Records drawn from a dataset
--*--

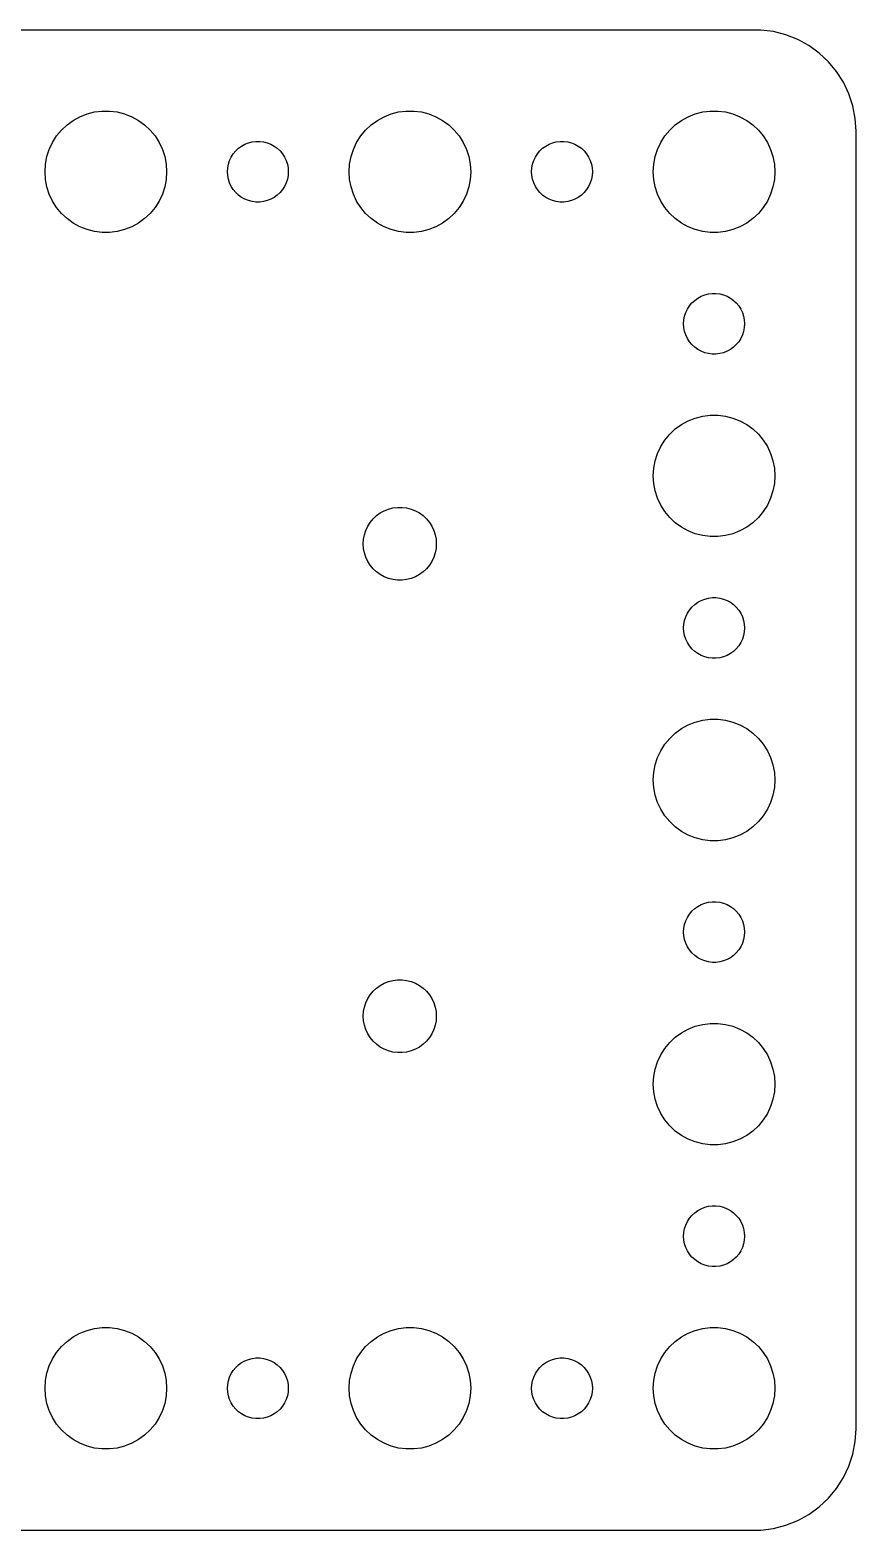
# Model space of a CAD drawing. Header units: metres. Extents: x -37 to 37, y -16 to 121.
# Drawn here: x -3.7 to 37, y 47 to 121 of the extents above; entities that cross this region are included whole.
import ezdxf

# ---------------------------------------------------------------- set-up
doc = ezdxf.new("R2010")
doc.units = ezdxf.units.M

msp = doc.modelspace()

# ---------------------------------------------------------------- linework, layer by layer
for p, q in [((32.3139, 120.99), (-32.3139, 120.99)), ((32.9369, 120.911), (32.3139, 120.99)), ((33.5451, 120.755), (32.9369, 120.911)), ((34.1289, 120.524), (33.5451, 120.755)), ((34.6791, 120.222), (34.1289, 120.524)), ((35.1871, 119.853), (34.6791, 120.222)), ((35.6448, 119.423), (35.1871, 119.853)), ((36.0451, 118.939), (35.6448, 119.423)), ((36.3815, 118.409), (36.0451, 118.939)), ((36.6489, 117.841), (36.3815, 118.409)), ((36.8429, 117.243), (36.6489, 117.841)), ((-0.92705, 116.853), (-0.56213, 116.947)), ((-0.56213, 116.947), (-0.18837, 116.994)), ((-0.18837, 116.994), (0.18837, 116.994)), ((0.18837, 116.994), (0.56213, 116.947)), ((0.56213, 116.947), (0.92705, 116.853)), ((14.0729, 116.853), (14.4379, 116.947)), ((14.4379, 116.947), (14.8116, 116.994)), ((14.8116, 116.994), (15.1884, 116.994)), ((15.1884, 116.994), (15.5621, 116.947)), ((15.5621, 116.947), (15.927, 116.853)), ((29.0729, 116.853), (29.4379, 116.947)), ((29.4379, 116.947), (29.8116, 116.994)), ((29.8116, 116.994), (30.1884, 116.994)), ((30.1884, 116.994), (30.5621, 116.947)), ((30.5621, 116.947), (30.927, 116.853)), ((36.9606, 116.627), (36.8429, 117.243)), ((-2.1869, 116.054), (-1.91226, 116.312)), ((-1.91226, 116.312), (-1.60747, 116.533)), ((-1.60747, 116.533), (-1.27733, 116.714)), ((-1.27733, 116.714), (-0.92705, 116.853)), ((0.92705, 116.853), (1.27733, 116.714)), ((1.27733, 116.714), (1.60747, 116.533)), ((1.60747, 116.533), (1.91226, 116.312)), ((1.91226, 116.312), (2.1869, 116.054)), ((12.8131, 116.054), (13.0877, 116.312)), ((13.0877, 116.312), (13.3925, 116.533)), ((13.3925, 116.533), (13.7227, 116.714)), ((13.7227, 116.714), (14.0729, 116.853)), ((15.927, 116.853), (16.2773, 116.714)), ((16.2773, 116.714), (16.6075, 116.533)), ((16.6075, 116.533), (16.9123, 116.312)), ((16.9123, 116.312), (17.1869, 116.054)), ((27.8131, 116.054), (28.0877, 116.312)), ((28.0877, 116.312), (28.3925, 116.533)), ((28.3925, 116.533), (28.7227, 116.714)), ((28.7227, 116.714), (29.0729, 116.853)), ((30.927, 116.853), (31.2773, 116.714)), ((31.2773, 116.714), (31.6075, 116.533)), ((31.6075, 116.533), (31.9123, 116.312)), ((31.9123, 116.312), (32.1869, 116.054)), ((37, 116), (36.9606, 116.627)), ((-2.78932, 115.104), (-2.62891, 115.445)), ((-2.62891, 115.445), (-2.42705, 115.763)), ((-2.42705, 115.763), (-2.1869, 116.054)), ((2.1869, 116.054), (2.42705, 115.763)), ((2.42705, 115.763), (2.62891, 115.445)), ((2.62891, 115.445), (2.78932, 115.104)), ((6.86133, 115.357), (7.03647, 115.427)), ((7.03647, 115.427), (7.21892, 115.473)), ((7.21892, 115.473), (7.40581, 115.497)), ((7.40581, 115.497), (7.59418, 115.497)), ((7.59418, 115.497), (7.78107, 115.473)), ((7.78107, 115.473), (7.96352, 115.427)), ((7.96352, 115.427), (8.13866, 115.357)), ((12.2107, 115.104), (12.3711, 115.445)), ((12.3711, 115.445), (12.5729, 115.763)), ((12.5729, 115.763), (12.8131, 116.054)), ((17.1869, 116.054), (17.427, 115.763)), ((17.427, 115.763), (17.6289, 115.445)), ((17.6289, 115.445), (17.7893, 115.104)), ((21.8613, 115.357), (22.0365, 115.427)), ((22.0365, 115.427), (22.2189, 115.473)), ((22.2189, 115.473), (22.4058, 115.497)), ((22.4058, 115.497), (22.5942, 115.497)), ((22.5942, 115.497), (22.7811, 115.473)), ((22.7811, 115.473), (22.9635, 115.427)), ((22.9635, 115.427), (23.1387, 115.357)), ((27.2107, 115.104), (27.3711, 115.445)), ((27.3711, 115.445), (27.5729, 115.763)), ((27.5729, 115.763), (27.8131, 116.054)), ((32.1869, 116.054), (32.427, 115.763)), ((32.427, 115.763), (32.6289, 115.445)), ((32.6289, 115.445), (32.7893, 115.104)), ((37, 52), (37, 116)), ((-2.97633, 114.376), (-2.90575, 114.746)), ((-2.90575, 114.746), (-2.78932, 115.104)), ((2.78932, 115.104), (2.90575, 114.746)), ((2.90575, 114.746), (2.97633, 114.376)), ((6.10533, 114.552), (6.18553, 114.723)), ((6.18553, 114.723), (6.28647, 114.882)), ((6.28647, 114.882), (6.40654, 115.027)), ((6.40654, 115.027), (6.54385, 115.156)), ((6.54385, 115.156), (6.69626, 115.266)), ((6.69626, 115.266), (6.86133, 115.357)), ((8.13866, 115.357), (8.30373, 115.266)), ((8.30373, 115.266), (8.45613, 115.156)), ((8.45613, 115.156), (8.59344, 115.027)), ((8.59344, 115.027), (8.71352, 114.882)), ((8.71352, 114.882), (8.81445, 114.723)), ((8.81445, 114.723), (8.89465, 114.552)), ((12.0237, 114.376), (12.0942, 114.746)), ((12.0942, 114.746), (12.2107, 115.104)), ((17.7893, 115.104), (17.9057, 114.746)), ((17.9057, 114.746), (17.9763, 114.376)), ((21.1053, 114.552), (21.1855, 114.723)), ((21.1855, 114.723), (21.2865, 114.882)), ((21.2865, 114.882), (21.4065, 115.027)), ((21.4065, 115.027), (21.5439, 115.156)), ((21.5439, 115.156), (21.6963, 115.266)), ((21.6963, 115.266), (21.8613, 115.357)), ((23.1387, 115.357), (23.3037, 115.266)), ((23.3037, 115.266), (23.4561, 115.156)), ((23.4561, 115.156), (23.5934, 115.027)), ((23.5934, 115.027), (23.7135, 114.882)), ((23.7135, 114.882), (23.8145, 114.723)), ((23.8145, 114.723), (23.8947, 114.552)), ((27.0237, 114.376), (27.0942, 114.746)), ((27.0942, 114.746), (27.2107, 115.104)), ((32.7893, 115.104), (32.9057, 114.746)), ((32.9057, 114.746), (32.9763, 114.376)), ((-3, 114), (-2.97633, 114.376)), ((-2.97633, 113.624), (-3, 114)), ((2.97633, 114.376), (3, 114)), ((3, 114), (2.97633, 113.624)), ((6, 114), (6.01183, 114.188)), ((6.01183, 113.812), (6, 114)), ((6.01183, 114.188), (6.04712, 114.373)), ((6.04712, 114.373), (6.10533, 114.552)), ((8.89465, 114.552), (8.95287, 114.373)), ((8.95287, 114.373), (8.98816, 114.188)), ((8.98816, 114.188), (9, 114)), ((9, 114), (8.98816, 113.812)), ((12, 114), (12.0237, 114.376)), ((12.0237, 113.624), (12, 114)), ((17.9763, 114.376), (18, 114)), ((18, 114), (17.9763, 113.624)), ((21, 114), (21.0118, 114.188)), ((21.0118, 113.812), (21, 114)), ((21.0118, 114.188), (21.0471, 114.373)), ((21.0471, 114.373), (21.1053, 114.552)), ((23.8947, 114.552), (23.9529, 114.373)), ((23.9529, 114.373), (23.9882, 114.188)), ((23.9882, 114.188), (24, 114)), ((24, 114), (23.9882, 113.812)), ((27, 114), (27.0237, 114.376)), ((27.0237, 113.624), (27, 114)), ((32.9763, 114.376), (33, 114)), ((33, 114), (32.9763, 113.624)), ((-2.90575, 113.254), (-2.97633, 113.624)), ((-2.78932, 112.896), (-2.90575, 113.254)), ((2.90575, 113.254), (2.78932, 112.896)), ((2.97633, 113.624), (2.90575, 113.254)), ((6.04712, 113.627), (6.01183, 113.812)), ((6.10533, 113.448), (6.04712, 113.627)), ((6.18553, 113.277), (6.10533, 113.448)), ((6.28647, 113.118), (6.18553, 113.277)), ((8.81445, 113.277), (8.71352, 113.118)), ((8.89465, 113.448), (8.81445, 113.277)), ((8.95287, 113.627), (8.89465, 113.448)), ((8.98816, 113.812), (8.95287, 113.627)), ((12.0942, 113.254), (12.0237, 113.624)), ((12.2107, 112.896), (12.0942, 113.254)), ((17.9057, 113.254), (17.7893, 112.896)), ((17.9763, 113.624), (17.9057, 113.254)), ((21.0471, 113.627), (21.0118, 113.812)), ((21.1053, 113.448), (21.0471, 113.627)), ((21.1855, 113.277), (21.1053, 113.448)), ((21.2865, 113.118), (21.1855, 113.277)), ((23.8145, 113.277), (23.7135, 113.118)), ((23.8947, 113.448), (23.8145, 113.277)), ((23.9529, 113.627), (23.8947, 113.448)), ((23.9882, 113.812), (23.9529, 113.627)), ((27.0942, 113.254), (27.0237, 113.624)), ((27.2107, 112.896), (27.0942, 113.254)), ((32.9057, 113.254), (32.7893, 112.896)), ((32.9763, 113.624), (32.9057, 113.254)), ((-2.62891, 112.555), (-2.78932, 112.896)), ((-2.42705, 112.237), (-2.62891, 112.555)), ((2.62891, 112.555), (2.42705, 112.237)), ((2.78932, 112.896), (2.62891, 112.555)), ((6.40654, 112.973), (6.28647, 113.118)), ((6.54385, 112.844), (6.40654, 112.973)), ((6.69626, 112.734), (6.54385, 112.844)), ((6.86133, 112.643), (6.69626, 112.734)), ((7.03647, 112.573), (6.86133, 112.643)), ((7.21892, 112.527), (7.03647, 112.573)), ((7.40581, 112.503), (7.21892, 112.527)), ((7.59418, 112.503), (7.40581, 112.503)), ((7.78107, 112.527), (7.59418, 112.503)), ((7.96352, 112.573), (7.78107, 112.527)), ((8.13866, 112.643), (7.96352, 112.573)), ((8.30373, 112.734), (8.13866, 112.643)), ((8.45613, 112.844), (8.30373, 112.734)), ((8.59344, 112.973), (8.45613, 112.844)), ((8.71352, 113.118), (8.59344, 112.973)), ((12.3711, 112.555), (12.2107, 112.896)), ((12.5729, 112.237), (12.3711, 112.555)), ((17.6289, 112.555), (17.427, 112.237)), ((17.7893, 112.896), (17.6289, 112.555)), ((21.4065, 112.973), (21.2865, 113.118)), ((21.5439, 112.844), (21.4065, 112.973)), ((21.6963, 112.734), (21.5439, 112.844)), ((21.8613, 112.643), (21.6963, 112.734)), ((22.0365, 112.573), (21.8613, 112.643)), ((22.2189, 112.527), (22.0365, 112.573)), ((22.4058, 112.503), (22.2189, 112.527)), ((22.5942, 112.503), (22.4058, 112.503)), ((22.7811, 112.527), (22.5942, 112.503)), ((22.9635, 112.573), (22.7811, 112.527)), ((23.1387, 112.643), (22.9635, 112.573)), ((23.3037, 112.734), (23.1387, 112.643)), ((23.4561, 112.844), (23.3037, 112.734)), ((23.5934, 112.973), (23.4561, 112.844)), ((23.7135, 113.118), (23.5934, 112.973)), ((27.3711, 112.555), (27.2107, 112.896)), ((27.5729, 112.237), (27.3711, 112.555)), ((32.6289, 112.555), (32.427, 112.237)), ((32.7893, 112.896), (32.6289, 112.555)), ((-2.1869, 111.946), (-2.42705, 112.237)), ((-1.91226, 111.688), (-2.1869, 111.946)), ((2.1869, 111.946), (1.91226, 111.688)), ((2.42705, 112.237), (2.1869, 111.946)), ((12.8131, 111.946), (12.5729, 112.237)), ((13.0877, 111.688), (12.8131, 111.946)), ((17.1869, 111.946), (16.9123, 111.688)), ((17.427, 112.237), (17.1869, 111.946)), ((27.8131, 111.946), (27.5729, 112.237)), ((28.0877, 111.688), (27.8131, 111.946)), ((32.1869, 111.946), (31.9123, 111.688)), ((32.427, 112.237), (32.1869, 111.946)), ((-1.60747, 111.467), (-1.91226, 111.688)), ((-1.27733, 111.286), (-1.60747, 111.467)), ((-0.92705, 111.147), (-1.27733, 111.286)), ((-0.56213, 111.053), (-0.92705, 111.147)), ((-0.18837, 111.006), (-0.56213, 111.053)), ((0.18837, 111.006), (-0.18837, 111.006)), ((0.56213, 111.053), (0.18837, 111.006)), ((0.92705, 111.147), (0.56213, 111.053)), ((1.27733, 111.286), (0.92705, 111.147)), ((1.60747, 111.467), (1.27733, 111.286)), ((1.91226, 111.688), (1.60747, 111.467)), ((13.3925, 111.467), (13.0877, 111.688)), ((13.7227, 111.286), (13.3925, 111.467)), ((14.0729, 111.147), (13.7227, 111.286)), ((14.4379, 111.053), (14.0729, 111.147)), ((14.8116, 111.006), (14.4379, 111.053)), ((15.1884, 111.006), (14.8116, 111.006)), ((15.5621, 111.053), (15.1884, 111.006)), ((15.927, 111.147), (15.5621, 111.053)), ((16.2773, 111.286), (15.927, 111.147)), ((16.6075, 111.467), (16.2773, 111.286)), ((16.9123, 111.688), (16.6075, 111.467)), ((28.3925, 111.467), (28.0877, 111.688)), ((28.7227, 111.286), (28.3925, 111.467)), ((29.0729, 111.147), (28.7227, 111.286)), ((29.4379, 111.053), (29.0729, 111.147)), ((29.8116, 111.006), (29.4379, 111.053)), ((30.1884, 111.006), (29.8116, 111.006)), ((30.5621, 111.053), (30.1884, 111.006)), ((30.927, 111.147), (30.5621, 111.053)), ((31.2773, 111.286), (30.927, 111.147)), ((31.6075, 111.467), (31.2773, 111.286)), ((31.9123, 111.688), (31.6075, 111.467)), ((28.6855, 107.223), (28.7865, 107.382)), ((28.7865, 107.382), (28.9065, 107.527)), ((28.9065, 107.527), (29.0439, 107.656)), ((29.0439, 107.656), (29.1963, 107.766)), ((29.1963, 107.766), (29.3613, 107.857)), ((29.3613, 107.857), (29.5365, 107.927)), ((29.5365, 107.927), (29.7189, 107.973)), ((29.7189, 107.973), (29.9058, 107.997)), ((29.9058, 107.997), (30.0942, 107.997)), ((30.0942, 107.997), (30.2811, 107.973)), ((30.2811, 107.973), (30.4635, 107.927)), ((30.4635, 107.927), (30.6387, 107.857)), ((30.6387, 107.857), (30.8037, 107.766)), ((30.8037, 107.766), (30.9561, 107.656)), ((30.9561, 107.656), (31.0934, 107.527)), ((31.0934, 107.527), (31.2135, 107.382)), ((31.2135, 107.382), (31.3145, 107.223)), ((28.5, 106.5), (28.5118, 106.688)), ((28.5118, 106.688), (28.5471, 106.873)), ((28.5471, 106.873), (28.6053, 107.052)), ((28.6053, 107.052), (28.6855, 107.223)), ((31.3145, 107.223), (31.3947, 107.052)), ((31.3947, 107.052), (31.4529, 106.873)), ((31.4529, 106.873), (31.4882, 106.688)), ((31.4882, 106.688), (31.5, 106.5)), ((28.5118, 106.312), (28.5, 106.5)), ((28.5471, 106.127), (28.5118, 106.312)), ((28.6053, 105.948), (28.5471, 106.127)), ((28.6855, 105.777), (28.6053, 105.948)), ((31.3947, 105.948), (31.3145, 105.777)), ((31.4529, 106.127), (31.3947, 105.948)), ((31.4882, 106.312), (31.4529, 106.127)), ((31.5, 106.5), (31.4882, 106.312)), ((28.7865, 105.618), (28.6855, 105.777)), ((28.9065, 105.473), (28.7865, 105.618)), ((29.0439, 105.344), (28.9065, 105.473)), ((29.1963, 105.234), (29.0439, 105.344)), ((29.3613, 105.143), (29.1963, 105.234)), ((29.5365, 105.073), (29.3613, 105.143)), ((29.7189, 105.027), (29.5365, 105.073)), ((30.4635, 105.073), (30.2811, 105.027)), ((30.6387, 105.143), (30.4635, 105.073)), ((30.8037, 105.234), (30.6387, 105.143)), ((30.9561, 105.344), (30.8037, 105.234)), ((31.0934, 105.473), (30.9561, 105.344)), ((31.2135, 105.618), (31.0934, 105.473)), ((31.3145, 105.777), (31.2135, 105.618)), ((29.9058, 105.003), (29.7189, 105.027)), ((30.0942, 105.003), (29.9058, 105.003)), ((30.2811, 105.027), (30.0942, 105.003)), ((28.0877, 101.312), (28.3925, 101.533)), ((28.3925, 101.533), (28.7227, 101.714)), ((28.7227, 101.714), (29.0729, 101.853)), ((29.0729, 101.853), (29.4379, 101.947)), ((29.4379, 101.947), (29.8116, 101.994)), ((29.8116, 101.994), (30.1884, 101.994)), ((30.1884, 101.994), (30.5621, 101.947)), ((30.5621, 101.947), (30.927, 101.853)), ((30.927, 101.853), (31.2773, 101.714)), ((31.2773, 101.714), (31.6075, 101.533)), ((31.6075, 101.533), (31.9123, 101.312)), ((27.3711, 100.445), (27.5729, 100.763)), ((27.5729, 100.763), (27.8131, 101.054)), ((27.8131, 101.054), (28.0877, 101.312)), ((31.9123, 101.312), (32.1869, 101.054)), ((32.1869, 101.054), (32.427, 100.763)), ((32.427, 100.763), (32.6289, 100.445)), ((27.0942, 99.7461), (27.2107, 100.104)), ((27.2107, 100.104), (27.3711, 100.445)), ((32.6289, 100.445), (32.7893, 100.104)), ((32.7893, 100.104), (32.9057, 99.7461)), ((27, 99), (27.0237, 99.376)), ((27.0237, 99.376), (27.0942, 99.7461)), ((32.9057, 99.7461), (32.9763, 99.376)), ((32.9763, 99.376), (33, 99)), ((27.0237, 98.624), (27, 99)), ((27.0942, 98.2539), (27.0237, 98.624)), ((32.9763, 98.624), (32.9057, 98.2539)), ((33, 99), (32.9763, 98.624)), ((27.2107, 97.8956), (27.0942, 98.2539)), ((27.3711, 97.5547), (27.2107, 97.8956)), ((32.7893, 97.8956), (32.6289, 97.5547)), ((32.9057, 98.2539), (32.7893, 97.8956)), ((13.1879, 96.8822), (13.3526, 97.0369)), ((13.3526, 97.0369), (13.5355, 97.1698)), ((13.5355, 97.1698), (13.7336, 97.2787)), ((13.7336, 97.2787), (13.9438, 97.3619)), ((13.9438, 97.3619), (14.1627, 97.4181)), ((14.1627, 97.4181), (14.387, 97.4464)), ((14.387, 97.4464), (14.613, 97.4464)), ((14.613, 97.4464), (14.8373, 97.4181)), ((14.8373, 97.4181), (15.0562, 97.3619)), ((15.0562, 97.3619), (15.2664, 97.2787)), ((15.2664, 97.2787), (15.4645, 97.1698)), ((15.4645, 97.1698), (15.6474, 97.0369)), ((15.6474, 97.0369), (15.8121, 96.8822)), ((27.5729, 97.2366), (27.3711, 97.5547)), ((27.8131, 96.9464), (27.5729, 97.2366)), ((28.0877, 96.6884), (27.8131, 96.9464)), ((32.1869, 96.9464), (31.9123, 96.6884)), ((32.427, 97.2366), (32.1869, 96.9464)), ((32.6289, 97.5547), (32.427, 97.2366)), ((12.7565, 96.0976), (12.8264, 96.3126)), ((12.8264, 96.3126), (12.9226, 96.5172)), ((12.9226, 96.5172), (13.0438, 96.708)), ((13.0438, 96.708), (13.1879, 96.8822)), ((15.8121, 96.8822), (15.9562, 96.708)), ((15.9562, 96.708), (16.0773, 96.5172)), ((16.0773, 96.5172), (16.1736, 96.3126)), ((16.1736, 96.3126), (16.2434, 96.0976)), ((28.3925, 96.467), (28.0877, 96.6884)), ((28.7227, 96.2855), (28.3925, 96.467)), ((29.0729, 96.1468), (28.7227, 96.2855)), ((31.2773, 96.2855), (30.927, 96.1468)), ((31.6075, 96.467), (31.2773, 96.2855)), ((31.9123, 96.6884), (31.6075, 96.467)), ((12.7, 95.65), (12.7142, 95.8756)), ((12.7142, 95.4244), (12.7, 95.65)), ((12.7142, 95.8756), (12.7565, 96.0976)), ((16.2434, 96.0976), (16.2858, 95.8756)), ((16.2858, 95.8756), (16.3, 95.65)), ((16.3, 95.65), (16.2858, 95.4244)), ((29.4379, 96.0531), (29.0729, 96.1468)), ((29.8116, 96.0059), (29.4379, 96.0531)), ((30.1884, 96.0059), (29.8116, 96.0059)), ((30.5621, 96.0531), (30.1884, 96.0059)), ((30.927, 96.1468), (30.5621, 96.0531)), ((12.7565, 95.2023), (12.7142, 95.4244)), ((12.8264, 94.9874), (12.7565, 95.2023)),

--*--

*Requirement:* A single number, please: the count of lines above that contain the string "units".

*Result of this task:* 2